So, from what I understand from this discussion is that there is really no way around the delay in Udp.beginPacket() if there is no device to listen to it on the other end (without having to go in and modifying the library files). One thing though is that you would expect Udp.beginPacket() to return 0 if it fails to 'connect' to the receiving device but what I noticed is that it always returns 1. I can see the code in the library files where this is set but logically, shouldn't it return 0 if it fails to 'connect'?  The Arduino website documentation indicates that this function does not return which I guess is not correct.

PeterH


So, from what I understand from this discussion is that there is really no way around the delay in Udp.beginPacket() if there is no device to listen to it on the other end (without having to go in and modifying the library files).

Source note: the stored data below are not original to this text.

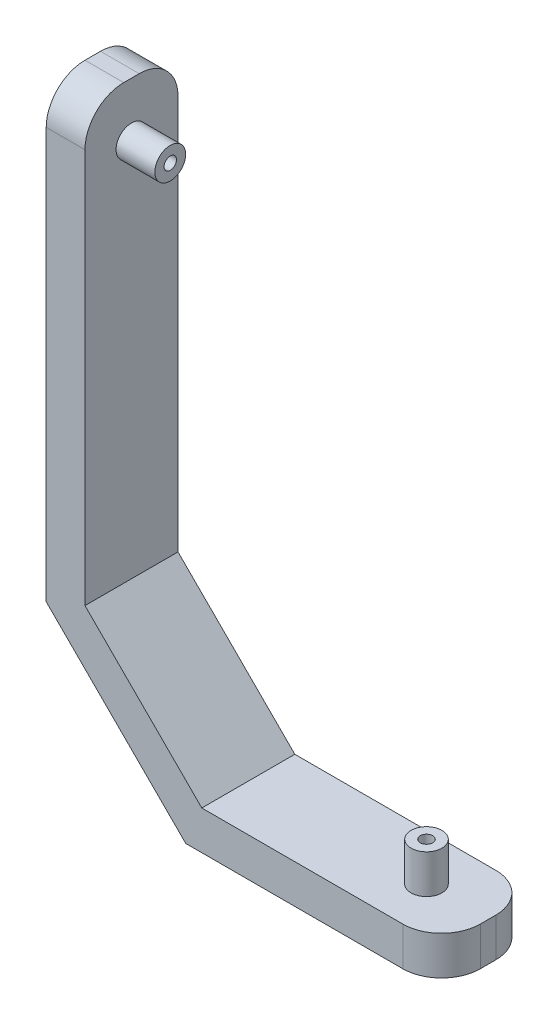
ISO-10303-21;
HEADER;
FILE_DESCRIPTION(('STEP AP214'),'2;1');
FILE_NAME('part.step','',(''),(''),'','','');
FILE_SCHEMA(('AUTOMOTIVE_DESIGN { 1 0 10303 214 1 1 1 1 }'));
ENDSEC;
DATA;
#1=APPLICATION_CONTEXT('core data for automotive mechanical design processes');
#2=APPLICATION_PROTOCOL_DEFINITION('international standard','automotive_design',2000,#1);
#3=PRODUCT_CONTEXT('',#1,'mechanical');
#4=PRODUCT('Part','Part','',(#3));
#5=PRODUCT_RELATED_PRODUCT_CATEGORY('part','',(#4));
#6=PRODUCT_DEFINITION_FORMATION('','',#4);
#7=PRODUCT_DEFINITION_CONTEXT('part definition',#1,'design');
#8=PRODUCT_DEFINITION('design','',#6,#7);
#9=PRODUCT_DEFINITION_SHAPE('','',#8);
#10=(LENGTH_UNIT() NAMED_UNIT(*) SI_UNIT(.MILLI.,.METRE.));
#11=(NAMED_UNIT(*) PLANE_ANGLE_UNIT() SI_UNIT($,.RADIAN.));
#12=(NAMED_UNIT(*) SI_UNIT($,.STERADIAN.) SOLID_ANGLE_UNIT());
#13=UNCERTAINTY_MEASURE_WITH_UNIT(LENGTH_MEASURE(1.E-05),#10,'distance_accuracy_value','');
#14=(GEOMETRIC_REPRESENTATION_CONTEXT(3) GLOBAL_UNCERTAINTY_ASSIGNED_CONTEXT((#13)) GLOBAL_UNIT_ASSIGNED_CONTEXT((#10,
#11,#12)) REPRESENTATION_CONTEXT('',''));
#15=CARTESIAN_POINT('',(0.,0.,0.));
#16=DIRECTION('',(0.,0.,1.));
#17=DIRECTION('',(1.,0.,0.));
#18=AXIS2_PLACEMENT_3D('',#15,#16,#17);
#19=CARTESIAN_POINT('',(-86.2,128.,0.));
#20=DIRECTION('',(1.,0.,0.));
#21=DIRECTION('',(0.,0.,-1.));
#22=AXIS2_PLACEMENT_3D('',#19,#20,#21);
#23=CYLINDRICAL_SURFACE('',#22,1.6);
#24=CARTESIAN_POINT('',(-66.2,128.,0.));
#25=DIRECTION('',(1.,0.,0.));
#26=DIRECTION('',(0.,0.,-1.));
#27=AXIS2_PLACEMENT_3D('',#24,#25,#26);
#28=CIRCLE('',#27,1.6);
#29=CARTESIAN_POINT('',(-66.2,128.,-1.6));
#30=VERTEX_POINT('',#29);
#31=EDGE_CURVE('E315',#30,#30,#28,.T.);
#32=ORIENTED_EDGE('',*,*,#31,.T.);
#33=EDGE_LOOP('',(#32));
#34=FACE_BOUND('',#33,.T.);
#35=CARTESIAN_POINT('',(-83.2,128.,0.));
#36=DIRECTION('',(-1.,0.,0.));
#37=DIRECTION('',(0.,0.,1.));
#38=AXIS2_PLACEMENT_3D('',#35,#36,#37);
#39=CIRCLE('',#38,1.6);
#40=CARTESIAN_POINT('',(-83.2,128.,1.6));
#41=VERTEX_POINT('',#40);
#42=EDGE_CURVE('E112',#41,#41,#39,.F.);
#43=ORIENTED_EDGE('',*,*,#42,.F.);
#44=EDGE_LOOP('',(#43));
#45=FACE_BOUND('',#44,.T.);
#46=ADVANCED_FACE('F108',(#34,#45),#23,.F.);
#47=CARTESIAN_POINT('',(0.,0.,-12.));
#48=DIRECTION('',(0.,0.,1.));
#49=DIRECTION('',(1.,0.,0.));
#50=AXIS2_PLACEMENT_3D('',#47,#48,#49);
#51=PLANE('',#50);
#52=DIRECTION('',(0.,-1.,0.));
#53=VECTOR('',#52,1.);
#54=CARTESIAN_POINT('',(-86.2,0.,-12.));
#55=LINE('',#54,#53);
#56=CARTESIAN_POINT('',(-86.2,132.,-12.));
#57=VERTEX_POINT('',#56);
#58=CARTESIAN_POINT('',(-86.2,26.0000000000001,-12.));
#59=VERTEX_POINT('',#58);
#60=EDGE_CURVE('E237',#57,#59,#55,.T.);
#61=ORIENTED_EDGE('',*,*,#60,.F.);
#62=DIRECTION('',(-1.,0.,0.));
#63=VECTOR('',#62,1.);
#64=CARTESIAN_POINT('',(0.,132.,-12.));
#65=LINE('',#64,#63);
#66=CARTESIAN_POINT('',(-76.2,132.,-12.));
#67=VERTEX_POINT('',#66);
#68=EDGE_CURVE('E269',#57,#67,#65,.F.);
#69=ORIENTED_EDGE('',*,*,#68,.T.);
#70=DIRECTION('',(0.,-1.,0.));
#71=VECTOR('',#70,1.);
#72=CARTESIAN_POINT('',(-76.2,0.,-12.));
#73=LINE('',#72,#71);
#74=CARTESIAN_POINT('',(-76.2,30.142135623731,-12.));
#75=VERTEX_POINT('',#74);
#76=EDGE_CURVE('E230',#67,#75,#73,.T.);
#77=ORIENTED_EDGE('',*,*,#76,.T.);
#78=DIRECTION('',(0.707106781186547,-0.707106781186548,0.));
#79=VECTOR('',#78,1.);
#80=CARTESIAN_POINT('',(-23.0289321881346,-23.0289321881345,-12.));
#81=LINE('',#80,#79);
#82=CARTESIAN_POINT('',(-46.057864376269,0.,-12.));
#83=VERTEX_POINT('',#82);
#84=EDGE_CURVE('E226',#75,#83,#81,.T.);
#85=ORIENTED_EDGE('',*,*,#84,.T.);
#86=DIRECTION('',(-1.,0.,0.));
#87=VECTOR('',#86,1.);
#88=CARTESIAN_POINT('',(15.8,0.,-12.));
#89=LINE('',#88,#87);
#90=CARTESIAN_POINT('',(5.8,0.,-12.));
#91=VERTEX_POINT('',#90);
#92=EDGE_CURVE('E209',#91,#83,#89,.T.);
#93=ORIENTED_EDGE('',*,*,#92,.F.);
#94=DIRECTION('',(0.,-1.,0.));
#95=VECTOR('',#94,1.);
#96=CARTESIAN_POINT('',(5.8,0.,-12.));
#97=LINE('',#96,#95);
#98=CARTESIAN_POINT('',(5.8,-10.,-12.));
#99=VERTEX_POINT('',#98);
#100=EDGE_CURVE('E207',#91,#99,#97,.T.);
#101=ORIENTED_EDGE('',*,*,#100,.T.);
#102=DIRECTION('',(-1.,0.,0.));
#103=VECTOR('',#102,1.);
#104=CARTESIAN_POINT('',(15.8,-10.,-12.));
#105=LINE('',#104,#103);
#106=CARTESIAN_POINT('',(-50.2,-10.,-12.));
#107=VERTEX_POINT('',#106);
#108=EDGE_CURVE('E199',#99,#107,#105,.T.);
#109=ORIENTED_EDGE('',*,*,#108,.T.);
#110=DIRECTION('',(-0.707106781186546,0.707106781186549,0.));
#111=VECTOR('',#110,1.);
#112=CARTESIAN_POINT('',(-30.1000000000001,-30.1,-12.));
#113=LINE('',#112,#111);
#114=EDGE_CURVE('E204',#107,#59,#113,.T.);
#115=ORIENTED_EDGE('',*,*,#114,.T.);
#116=EDGE_LOOP('',(#61,#69,#77,#85,#93,#101,#109,#115));
#117=FACE_BOUND('',#116,.T.);
#118=ADVANCED_FACE('F202',(#117),#51,.F.);
#119=CARTESIAN_POINT('',(15.8,0.,-12.));
#120=DIRECTION('',(0.,1.,0.));
#121=DIRECTION('',(-1.,0.,0.));
#122=AXIS2_PLACEMENT_3D('',#119,#120,#121);
#123=PLANE('',#122);
#124=CARTESIAN_POINT('',(-0.0882280599999965,0.,0.));
#125=DIRECTION('',(0.,1.,0.));
#126=DIRECTION('',(0.,0.,1.));
#127=AXIS2_PLACEMENT_3D('',#124,#125,#126);
#128=CIRCLE('',#127,3.98);
#129=CARTESIAN_POINT('',(-0.0882280599999965,0.,3.98));
#130=VERTEX_POINT('',#129);
#131=EDGE_CURVE('E327',#130,#130,#128,.T.);
#132=ORIENTED_EDGE('',*,*,#131,.F.);
#133=EDGE_LOOP('',(#132));
#134=FACE_BOUND('',#133,.T.);
#135=DIRECTION('',(0.,0.,1.));
#136=VECTOR('',#135,1.);
#137=CARTESIAN_POINT('',(15.8,0.,-12.));
#138=LINE('',#137,#136);
#139=CARTESIAN_POINT('',(15.8,0.,-2.));
#140=VERTEX_POINT('',#139);
#141=CARTESIAN_POINT('',(15.8,0.,2.));
#142=VERTEX_POINT('',#141);
#143=EDGE_CURVE('E227',#140,#142,#138,.T.);
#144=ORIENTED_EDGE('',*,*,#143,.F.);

Well, I suppose you could report an apparent bug to the people maintaining the library and wait until they fix it.
I only provide help via the forum - please do not contact me for private consultancy.

SurferTim

#13
Jan 06, 2013, 12:51 pm Last Edit: Jan 06, 2013, 02:54 pm by SurferTim Reason: 1
You are correct about the return values. The docs are in error. This is from Udp.h in the Arduino cores stuff:
Code: [Select]
 // Start building up a packet to send to the remote host specific in ip and port
 // Returns 1 if successful, 0 if there was a problem with the supplied IP address or port
 virtual int beginPacket(IPAddress ip, uint16_t port) =0;

 // Start building up a packet to send to the remote host specific in host and port
 // Returns 1 if successful, 0 if there was a problem resolving the hostname or port
 virtual int beginPacket(const char *host, uint16_t port) =0;

 // Finish off this packet and send it
 // Returns 1 if the packet was sent successfully, 0 if there was an error
 virtual int endPacket() =0;

beginPacket returns 1 if there is no problem with the ip or port format, 0 if there is a problem. But does not signify fail or success on the send.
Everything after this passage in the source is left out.